Exercise instructions:
Tally the lines below that contain the word "Rectangle", and give only that number.

Data records:
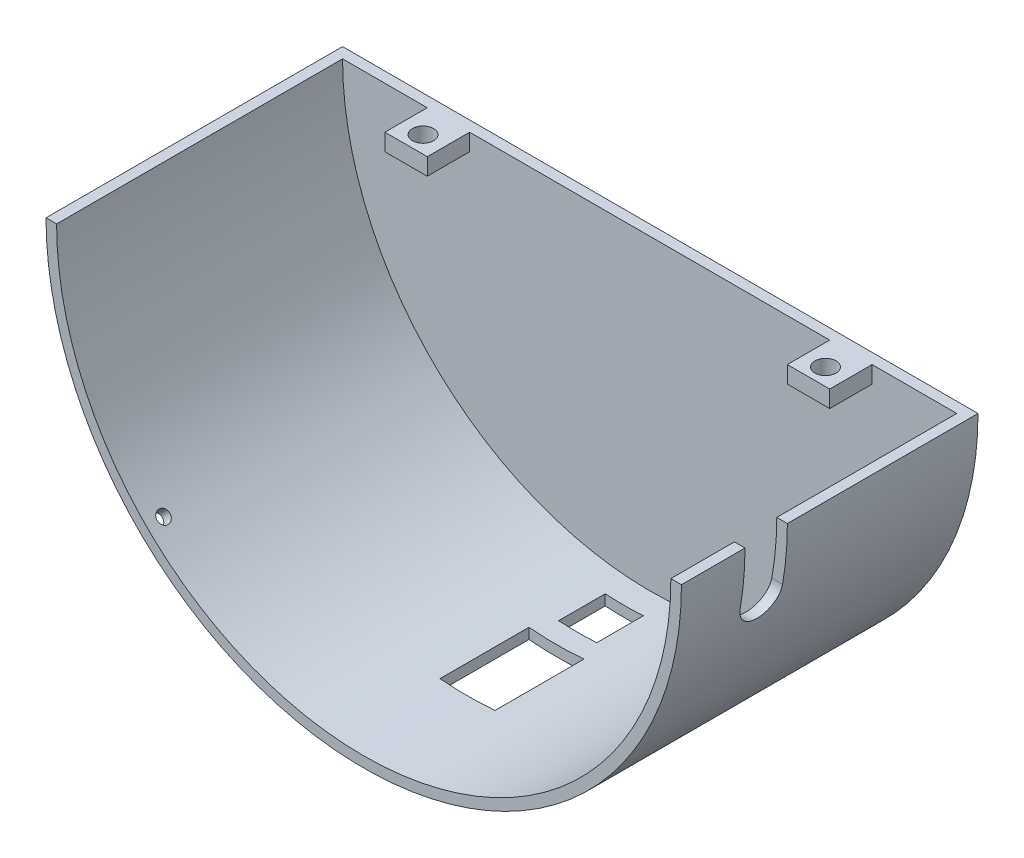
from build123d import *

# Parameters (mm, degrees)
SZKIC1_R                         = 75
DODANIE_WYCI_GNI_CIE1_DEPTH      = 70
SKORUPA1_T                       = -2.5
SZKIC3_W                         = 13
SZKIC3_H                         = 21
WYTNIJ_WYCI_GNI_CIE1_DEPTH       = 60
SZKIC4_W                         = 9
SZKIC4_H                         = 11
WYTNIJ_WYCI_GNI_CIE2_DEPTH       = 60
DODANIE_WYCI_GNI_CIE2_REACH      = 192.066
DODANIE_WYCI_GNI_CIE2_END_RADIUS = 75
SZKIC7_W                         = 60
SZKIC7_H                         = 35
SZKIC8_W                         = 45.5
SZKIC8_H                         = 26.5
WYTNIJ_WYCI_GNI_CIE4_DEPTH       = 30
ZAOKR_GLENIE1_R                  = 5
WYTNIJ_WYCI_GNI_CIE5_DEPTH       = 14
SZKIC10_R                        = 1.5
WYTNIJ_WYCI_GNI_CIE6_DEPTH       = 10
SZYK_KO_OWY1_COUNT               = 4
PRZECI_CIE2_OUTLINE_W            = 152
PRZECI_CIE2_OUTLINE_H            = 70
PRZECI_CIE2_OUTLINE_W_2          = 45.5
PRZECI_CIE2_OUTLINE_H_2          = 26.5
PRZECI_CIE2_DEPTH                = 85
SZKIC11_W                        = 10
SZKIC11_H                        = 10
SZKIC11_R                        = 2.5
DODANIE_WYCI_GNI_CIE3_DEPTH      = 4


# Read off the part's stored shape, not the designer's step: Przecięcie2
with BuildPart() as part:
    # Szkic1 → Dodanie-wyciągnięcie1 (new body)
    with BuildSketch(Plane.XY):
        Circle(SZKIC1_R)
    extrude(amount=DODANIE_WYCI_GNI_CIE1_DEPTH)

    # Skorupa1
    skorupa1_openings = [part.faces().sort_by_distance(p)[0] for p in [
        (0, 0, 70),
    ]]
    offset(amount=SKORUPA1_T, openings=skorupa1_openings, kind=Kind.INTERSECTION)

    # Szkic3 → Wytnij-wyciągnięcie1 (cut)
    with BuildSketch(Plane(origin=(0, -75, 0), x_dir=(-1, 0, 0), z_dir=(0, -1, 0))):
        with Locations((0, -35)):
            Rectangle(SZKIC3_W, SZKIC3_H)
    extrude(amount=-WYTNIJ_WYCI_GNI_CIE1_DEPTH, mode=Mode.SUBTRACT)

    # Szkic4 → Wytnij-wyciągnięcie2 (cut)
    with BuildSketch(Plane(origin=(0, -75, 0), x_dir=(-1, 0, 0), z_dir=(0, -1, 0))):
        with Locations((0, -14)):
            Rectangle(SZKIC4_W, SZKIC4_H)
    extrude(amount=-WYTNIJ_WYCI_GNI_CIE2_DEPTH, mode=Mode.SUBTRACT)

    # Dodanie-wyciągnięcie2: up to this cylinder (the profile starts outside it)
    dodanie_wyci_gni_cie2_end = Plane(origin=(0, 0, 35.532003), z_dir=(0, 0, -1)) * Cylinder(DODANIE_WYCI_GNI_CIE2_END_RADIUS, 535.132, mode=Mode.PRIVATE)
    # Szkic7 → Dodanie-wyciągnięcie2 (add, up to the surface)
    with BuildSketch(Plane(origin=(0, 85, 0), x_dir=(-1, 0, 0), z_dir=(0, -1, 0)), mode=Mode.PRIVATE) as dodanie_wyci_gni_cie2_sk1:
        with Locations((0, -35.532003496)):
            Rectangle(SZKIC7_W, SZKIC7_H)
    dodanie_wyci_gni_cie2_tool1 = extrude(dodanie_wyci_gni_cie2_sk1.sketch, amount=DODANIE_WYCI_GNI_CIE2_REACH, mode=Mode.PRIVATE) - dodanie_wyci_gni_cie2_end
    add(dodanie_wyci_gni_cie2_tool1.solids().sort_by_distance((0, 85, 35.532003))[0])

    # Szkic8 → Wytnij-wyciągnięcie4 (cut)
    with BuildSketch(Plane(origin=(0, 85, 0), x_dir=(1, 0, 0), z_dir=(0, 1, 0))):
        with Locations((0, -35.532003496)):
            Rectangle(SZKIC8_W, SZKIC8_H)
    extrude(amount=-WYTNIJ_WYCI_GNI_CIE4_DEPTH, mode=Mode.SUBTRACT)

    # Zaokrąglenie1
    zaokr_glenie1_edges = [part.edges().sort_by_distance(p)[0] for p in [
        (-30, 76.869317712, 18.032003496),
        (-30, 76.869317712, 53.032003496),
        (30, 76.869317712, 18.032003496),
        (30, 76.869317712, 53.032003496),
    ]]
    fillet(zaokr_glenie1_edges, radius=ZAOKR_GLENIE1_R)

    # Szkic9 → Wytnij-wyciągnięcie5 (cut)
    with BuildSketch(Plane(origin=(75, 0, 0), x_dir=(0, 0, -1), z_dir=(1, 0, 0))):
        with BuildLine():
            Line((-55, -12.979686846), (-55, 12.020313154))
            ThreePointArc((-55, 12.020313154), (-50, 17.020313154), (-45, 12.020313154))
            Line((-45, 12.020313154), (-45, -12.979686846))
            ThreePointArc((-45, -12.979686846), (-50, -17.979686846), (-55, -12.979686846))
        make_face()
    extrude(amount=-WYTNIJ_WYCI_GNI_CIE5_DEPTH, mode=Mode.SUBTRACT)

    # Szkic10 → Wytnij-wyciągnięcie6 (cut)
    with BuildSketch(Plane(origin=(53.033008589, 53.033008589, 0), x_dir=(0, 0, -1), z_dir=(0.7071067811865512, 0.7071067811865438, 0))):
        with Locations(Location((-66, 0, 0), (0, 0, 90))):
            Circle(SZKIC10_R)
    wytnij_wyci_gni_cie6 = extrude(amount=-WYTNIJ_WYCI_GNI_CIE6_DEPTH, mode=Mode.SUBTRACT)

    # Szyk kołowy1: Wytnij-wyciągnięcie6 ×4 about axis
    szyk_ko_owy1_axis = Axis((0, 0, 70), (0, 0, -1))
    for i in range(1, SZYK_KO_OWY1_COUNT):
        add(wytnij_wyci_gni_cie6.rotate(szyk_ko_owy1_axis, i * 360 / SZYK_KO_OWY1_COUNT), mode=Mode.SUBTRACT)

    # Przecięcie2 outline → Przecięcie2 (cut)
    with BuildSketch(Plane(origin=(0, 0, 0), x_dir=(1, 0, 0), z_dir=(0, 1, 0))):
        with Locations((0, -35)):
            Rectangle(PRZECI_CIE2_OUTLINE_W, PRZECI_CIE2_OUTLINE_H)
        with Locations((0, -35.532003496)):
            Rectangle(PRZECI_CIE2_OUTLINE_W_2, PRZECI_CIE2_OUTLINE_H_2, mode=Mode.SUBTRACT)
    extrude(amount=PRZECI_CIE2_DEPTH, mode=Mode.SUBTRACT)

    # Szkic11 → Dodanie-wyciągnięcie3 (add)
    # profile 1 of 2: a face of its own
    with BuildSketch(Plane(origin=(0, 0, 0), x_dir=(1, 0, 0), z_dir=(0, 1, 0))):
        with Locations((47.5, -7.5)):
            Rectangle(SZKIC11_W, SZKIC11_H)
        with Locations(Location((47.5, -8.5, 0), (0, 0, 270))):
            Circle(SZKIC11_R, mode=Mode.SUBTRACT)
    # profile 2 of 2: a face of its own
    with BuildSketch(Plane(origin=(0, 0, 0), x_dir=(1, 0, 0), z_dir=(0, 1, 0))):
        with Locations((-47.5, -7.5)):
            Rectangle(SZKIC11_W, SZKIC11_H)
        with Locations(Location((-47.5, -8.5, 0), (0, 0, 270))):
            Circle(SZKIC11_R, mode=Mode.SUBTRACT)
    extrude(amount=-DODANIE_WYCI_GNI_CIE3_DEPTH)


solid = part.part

Task output:
8